━━ Data section

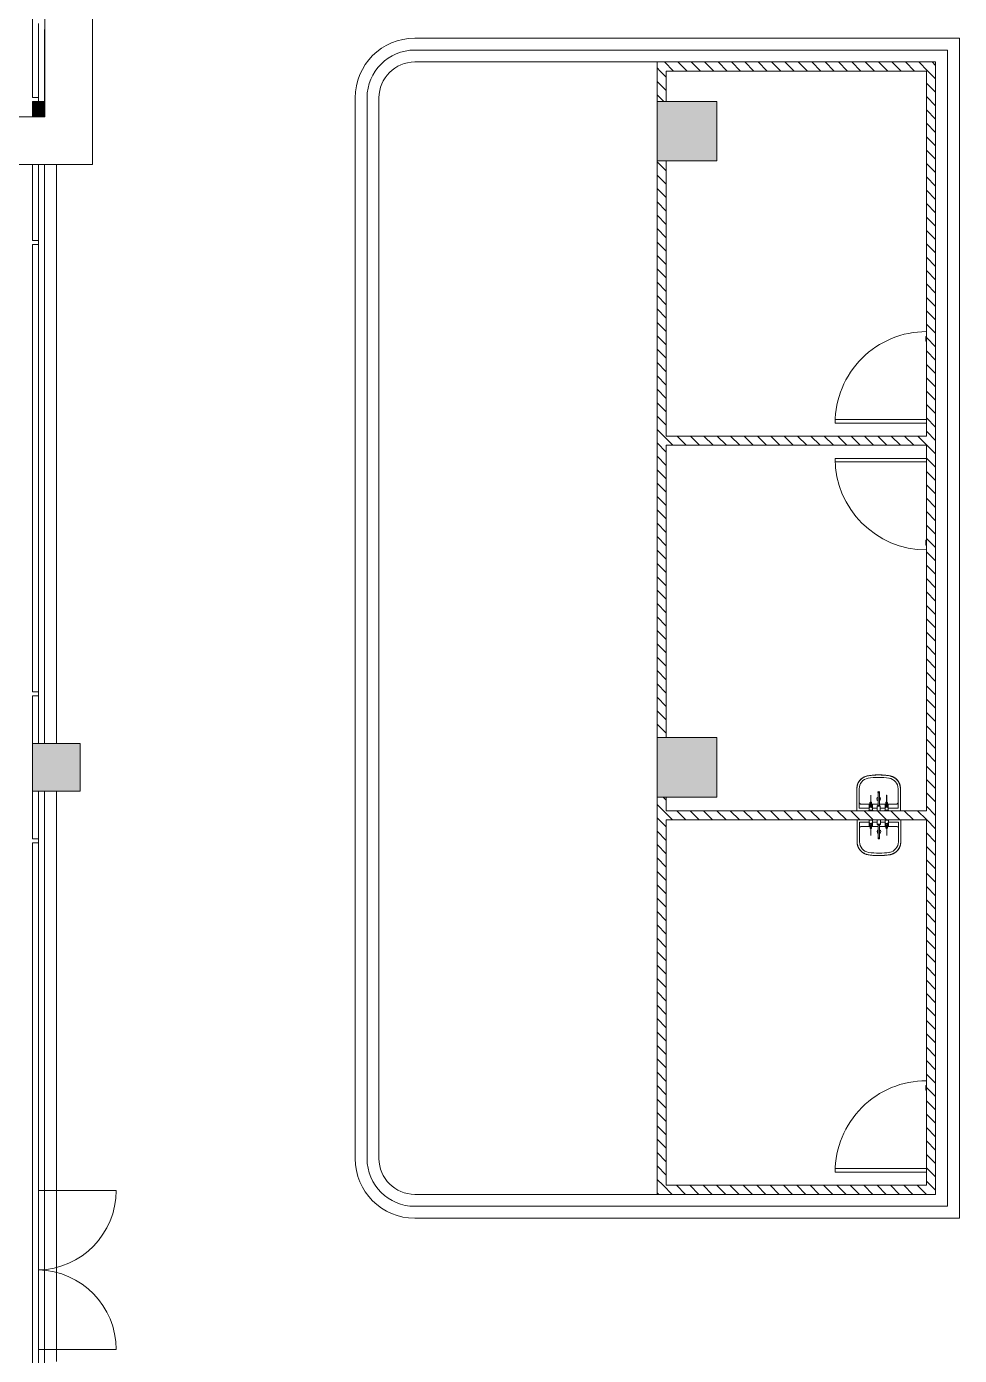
# Model space of a CAD drawing. Header units: millimetres. Extents: x -106145 to 154907, y -84585 to 152038.
# Drawn here: x 25314 to 37054, y -5660 to 11050 of the extents above; entities that cross this region are included whole.
import ezdxf

# ---------------------------------------------------------------- set-up
doc = ezdxf.new("R2010")
doc.units = ezdxf.units.MM
for name, color, linetype, lineweight in [('A-DOOR', 31, 'Continuous', 5), ('A-FLOR', 192, 'Continuous', 5), ('A-GLAZ', 151, 'Continuous', 5), ('A-GLAZ-CWMG', 51, 'Continuous', 5), ('A-WALL', 113, 'Continuous', 5), ('A-WALL-PATT', 111, 'Continuous', 5), ('P-SANR-FIXT', 6, 'Continuous', 5), ('S-COLS', 52, 'Continuous', 5)]:
    doc.layers.add(name, color=color, linetype=linetype, lineweight=lineweight)
pattern_1 = [(315, (0, 0), (84.18955, 84.18955), [])]

# ---------------------------------------------------------------- blocks, each defined once
blk = doc.blocks.new('M_Concrete-Rectangular-Column - 750 x 750-3585654-Site Plan')
at = {"layer": 'S-COLS'}
blk.add_hatch(color=256, dxfattribs=at).paths.add_polyline_path([(-375, 375), (-375, -375), (375, -375), (375, 375), (-130, 375)], flags=0)
at = {"layer": 'S-COLS', "color": 41}
for p, q in [((375, 375), (-375, 375)), ((-375, 375), (-375, -375)), ((375, -375), (375, 375)), ((-375, -375), (375, -375))]:
    blk.add_line(p, q, dxfattribs=at)
blk = doc.blocks.new('M_Door-Passage-Small Slit Vision Panel_Type B - 1_25_Type B-13938696-Site Plan')
at = {"layer": 'A-DOOR', "color": 41}
for p, q in [((-514.125, -63.85), (-514.125, -71.85)), ((-454.125, -71.85), (-514.125, -71.85)), ((-454.125, -71.85), (-454.125, -63.85))]:
    blk.add_line(p, q, dxfattribs=at)
at = {"layer": 'A-DOOR', "color": 121, "lineweight": 9}
for p, q in [((530, -1213.85), (530, -63.85)), ((575, -63.85), (575, -1213.85)), ((575, -1213.85), (530, -1213.85))]:
    blk.add_line(p, q, dxfattribs=at)
at = {"layer": 'A-DOOR', "color": 41}
blk.add_arc((575, -63.85), 1150, 180, 270, dxfattribs=at)
blk = doc.blocks.new('M_Door-Passage-Small Slit Vision Panel_Type B - 1_25_Type B-13938695-Site Plan')
at = {"layer": 'A-DOOR', "color": 121, "lineweight": 9}
for p, q in [((575, 1213.85), (530, 1213.85)), ((530, 1213.85), (530, 63.85)), ((575, 63.85), (575, 1213.85))]:
    blk.add_line(p, q, dxfattribs=at)
at = {"layer": 'A-DOOR', "color": 41}
for p, q in [((-514.125, 71.85), (-514.125, 63.85)), ((-514.125, 71.85), (-454.125, 71.85)), ((-454.125, 63.85), (-454.125, 71.85))]:
    blk.add_line(p, q, dxfattribs=at)
blk.add_arc((575, 63.85), 1150, 90, 180, dxfattribs=at)
blk = doc.blocks.new('Rectangular Mullion - 50 x 75mm-14851011-Site Plan')
at = {"layer": 'A-GLAZ-CWMG', "color": 41}
for p, q in [((25389, 2685), (25389, 4085)), ((25464, 4085), (25464, 2685)), ((25464, 2685), (25389, 2685))]:
    blk.add_line(p, q, dxfattribs=at)
blk = doc.blocks.new('Rectangular Mullion - 50 x 75mm-14849589-Site Plan')
at = {"layer": 'A-GLAZ-CWMG', "color": 41}
for p, q in [((25389, -5985), (25389, -5585)), ((25464, -5585), (25464, -5985)), ((25464, -5985), (25389, -5985))]:
    blk.add_line(p, q, dxfattribs=at)
blk = doc.blocks.new('M_Door-Curtain-Wall-Double-Storefront1 - M_Door-Curtain-Wall-Double-Storefront-15608944-Site Plan')
at = {"layer": 'A-DOOR', "color": 41}
for p, q in [((-1000, 37.5), (-1000, 1015.55)), ((1000, 37.5), (1000, 1015.55))]:
    blk.add_line(p, q, dxfattribs=at)
for centre, start, end in [((-1000, 15.55), 1.268259, 90), ((1000, 15.55), 90, 178.731741)]:
    blk.add_arc(centre, 1000, start, end, dxfattribs=at)
blk = doc.blocks.new('Rectangular Mullion - 50 x 75mm-14051156-Site Plan')
at = {"layer": 'A-GLAZ-CWMG', "color": 41}
for p, q in [((25389, -3585), (25389, -2535)), ((25464, -2535), (25464, -3585))]:
    blk.add_line(p, q, dxfattribs=at)
blk = doc.blocks.new('Rectangular Mullion - 50 x 75mm-11283307-Site Plan')
at = {"layer": 'A-GLAZ-CWMG', "color": 41}
for p, q in [((25389, 11640), (25464, 11640)), ((25389, 11355), (25389, 11640)), ((25464, 11640), (25464, 11280)), ((25389, 10160), (25389, 11165)), ((25464, 11090), (25464, 10160)), ((25464, 10160), (25389, 10160))]:
    blk.add_line(p, q, dxfattribs=at)
blk = doc.blocks.new('Rectangular Mullion - 50 x 75mm-14611152-Site Plan')
at = {"layer": 'A-GLAZ-CWMG', "color": 41}
for p, q in [((25389, -5585), (25389, -3585)), ((25464, -3585), (25464, -5585))]:
    blk.add_line(p, q, dxfattribs=at)
blk = doc.blocks.new('Rectangular Mullion - 50 x 75mm-14851012-Site Plan')
at = {"layer": 'A-GLAZ-CWMG', "color": 41}
for p, q in [((25389, 8310), (25464, 8310)), ((25389, 7235), (25389, 8310)), ((25464, 8310), (25464, 7235))]:
    blk.add_line(p, q, dxfattribs=at)
blk = doc.blocks.new('Rectangular Mullion - 50 x 75mm-14849592-Site Plan')
at = {"layer": 'A-GLAZ-CWMG', "color": 41}
for p, q in [((25389, 785), (25464, 785)), ((25389, -435), (25389, 785)), ((25464, 785), (25464, -435))]:
    blk.add_line(p, q, dxfattribs=at)
blk = doc.blocks.new('BASIN_handwash_Type_B - HYBA-010-V109-Site Plan')
at = {"layer": 'P-SANR-FIXT', "color": 41}
for p, q in [((-275, -500), (-275, -224)), ((-275, -224), (-275, -500)), ((-245, -470), (-245, -224)), ((245, -470), (245, -224)), ((275, -224), (275, -500)), ((275, -224), (275, -500)), ((-275, -351), (-275, -500)), ((-245, -470), (-245, -351)), ((-118, -470), (-245, -470)), ((-108, -418), (-220, -418)), ((-5, -418), (-90, -418)), ((-18, -470), (-79, -470)), ((92, -418), (7, -418)), ((81, -470), (21, -470)), ((220, -418), (110, -418)), ((245, -470), (120, -470)), ((245, -351), (245, -470)), ((275, -500), (275, -351))]:
    blk.add_line(p, q, dxfattribs=at)
at = {"layer": 'P-SANR-FIXT', "color": 41, "flags": 128}
for points in [[(-139, -62), (-145, -63), (-152, -64), (-158, -66), (-165, -68), (-171, -71), (-177, -73), (-183, -76), (-189, -79), (-194, -82), (-200, -86), (-205, -90), (-211, -93), (-216, -98), (-221, -102), (-226, -106), (-230, -111), (-235, -116), (-239, -121), (-243, -126), (-247, -132), (-250, -137), (-254, -143), (-257, -149), (-260, -155), (-262, -161), (-265, -167), (-267, -173), (-269, -180), (-271, -186), (-272, -192), (-273, -199), (-274, -205), (-275, -212), (-275, -219), (-275, -224)], [(-51, -52), (-65, -53), (-98, -56), (-131, -60), (-139, -62)], [(42, -51), (35, -51), (2, -50), (-31, -51), (-45, -51)], [(135, -61), (102, -56), (69, -53), (46, -51)], [(275, -224), (275, -217), (274, -211), (274, -204), (273, -198), (272, -191), (270, -185), (269, -178), (267, -172), (264, -166), (262, -160), (259, -154), (256, -148), (253, -142), (250, -136), (246, -131), (242, -126), (238, -120), (234, -115), (230, -110), (225, -106), (220, -101), (215, -97), (210, -93), (205, -89), (199, -85), (193, -82), (188, -79), (182, -76), (176, -73), (170, -70), (163, -68), (157, -66), (151, -64), (144, -63), (138, -61)]]:
    blk.add_lwpolyline(points, dxfattribs=at)
at = {"layer": 'P-SANR-FIXT', "color": 41}
for centre, radius, start, end in [((0, -351), 24.2, 107.5533, 254.5917), ((0, -351), 24.2, 291.7818, 66.0732), ((-220, -393), 25, 180, 270), ((220, -393), 25, 270, 0)]:
    blk.add_arc(centre, radius, start, end, dxfattribs=at)
for centre, major_axis, start_param, end_param in [((-110, -224), (165, 0), 1.748277, 3.141593), ((-110, -224), (-135, 0), 4.890944, 6.283185), ((0, -884), (834, 0), 1.40836, 1.738187), ((0, -884), (804, 0), 1.408166, 1.737991), ((110, -224), (135, 0), 0, 1.419404), ((110, -224), (165, 0), 0, 1.418341)]:
    blk.add_ellipse(centre, major_axis=major_axis, ratio=0.999048, start_param=start_param, end_param=end_param, dxfattribs=at)
for points, knots in [([(-275, -224), (-275, -218), (-274, -205), (-271, -189), (-268, -177), (-265, -168), (-262, -159), (-258, -150), (-253, -142), (-248, -134), (-242, -126), (-237, -118), (-230, -111), (-223, -104), (-216, -98), (-209, -92), (-201, -86), (-193, -81), (-184, -77), (-173, -71), (-158, -66), (-145, -63), (-139, -62)], [-1, -1, -1, -1, -0.916667, -0.833333, -0.791667, -0.75, -0.708333, -0.666667, -0.625, -0.583333, -0.541667, -0.5, -0.458333, -0.416667, -0.375, -0.333333, -0.291667, -0.25, -0.208333, -0.166667, -0.083333, 0, 0, 0, 0]), ([(-139, -62), (-124, -59), (-94, -55), (-33, -50), (29, -50), (89, -54), (120, -58), (135, -61)], [-1, -1, -1, -1, -0.833333, -0.666667, -0.333333, -0.166667, 0, 0, 0, 0]), ([(135, -61), (141, -62), (154, -65), (170, -70), (181, -75), (190, -80), (199, -85), (207, -90), (214, -96), (222, -103), (229, -109), (235, -117), (241, -124), (247, -132), (252, -140), (257, -149), (261, -158), (265, -167), (268, -176), (271, -189), (274, -204), (275, -217), (275, -224)], [-1, -1, -1, -1, -0.916667, -0.833333, -0.791667, -0.75, -0.708333, -0.666667, -0.625, -0.583333, -0.541667, -0.5, -0.458333, -0.416667, -0.375, -0.333333, -0.291667, -0.25, -0.208333, -0.166667, -0.083333, 0, 0, 0, 0])]:
    blk.add_open_spline(points, degree=3, knots=knots, dxfattribs=at)
blk = doc.blocks.new('TAPWARE_wall_mount_elbow_levers - HYTP-038-V110-Site Plan')
at = {"layer": 'P-SANR-FIXT'}
for p, q in [((-99, 242), (-101, 242)), ((-101, 237), (-101, 242)), ((-101, 242), (-101, 237)), ((-99, 242), (-101, 242)), ((-101, 237), (-101, 242)), ((-101, 242), (-101, 237)), ((-101, 213), (-101, 237)), ((-101, 213), (-101, 237)), ((-101, 195), (-101, 213)), ((-101, 213), (-101, 195)), ((-101, 195), (-101, 213)), ((-101, 213), (-101, 195)), ((-101, 152), (-101, 195)), ((-101, 152), (-101, 195)), ((-99, 237), (-99, 242)), ((-99, 242), (-99, 237)), ((-99, 237), (-99, 242)), ((-99, 242), (-99, 237)), ((-99, 237), (-99, 213)), ((-99, 237), (-99, 213)), ((-99, 195), (-99, 213)), ((-99, 213), (-99, 195)), ((-99, 195), (-99, 213)), ((-99, 213), (-99, 195)), ((-99, 195), (-99, 152)), ((-99, 195), (-99, 152)), ((-10, 276), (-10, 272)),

━━━━

## Exercise prompt
Return exactly, and only, the lines above starting at the line that contains "blk.add_lwpolyline(points, dxfattribs=at)" and ending at the line that contains "start_param=start_param, end_param=end_param, dxfattribs=at)".

## Task output
    blk.add_lwpolyline(points, dxfattribs=at)
at = {"layer": 'P-SANR-FIXT', "color": 41}
for centre, radius, start, end in [((0, -351), 24.2, 107.5533, 254.5917), ((0, -351), 24.2, 291.7818, 66.0732), ((-220, -393), 25, 180, 270), ((220, -393), 25, 270, 0)]:
    blk.add_arc(centre, radius, start, end, dxfattribs=at)
for centre, major_axis, start_param, end_param in [((-110, -224), (165, 0), 1.748277, 3.141593), ((-110, -224), (-135, 0), 4.890944, 6.283185), ((0, -884), (834, 0), 1.40836, 1.738187), ((0, -884), (804, 0), 1.408166, 1.737991), ((110, -224), (135, 0), 0, 1.419404), ((110, -224), (165, 0), 0, 1.418341)]:
    blk.add_ellipse(centre, major_axis=major_axis, ratio=0.999048, start_param=start_param, end_param=end_param, dxfattribs=at)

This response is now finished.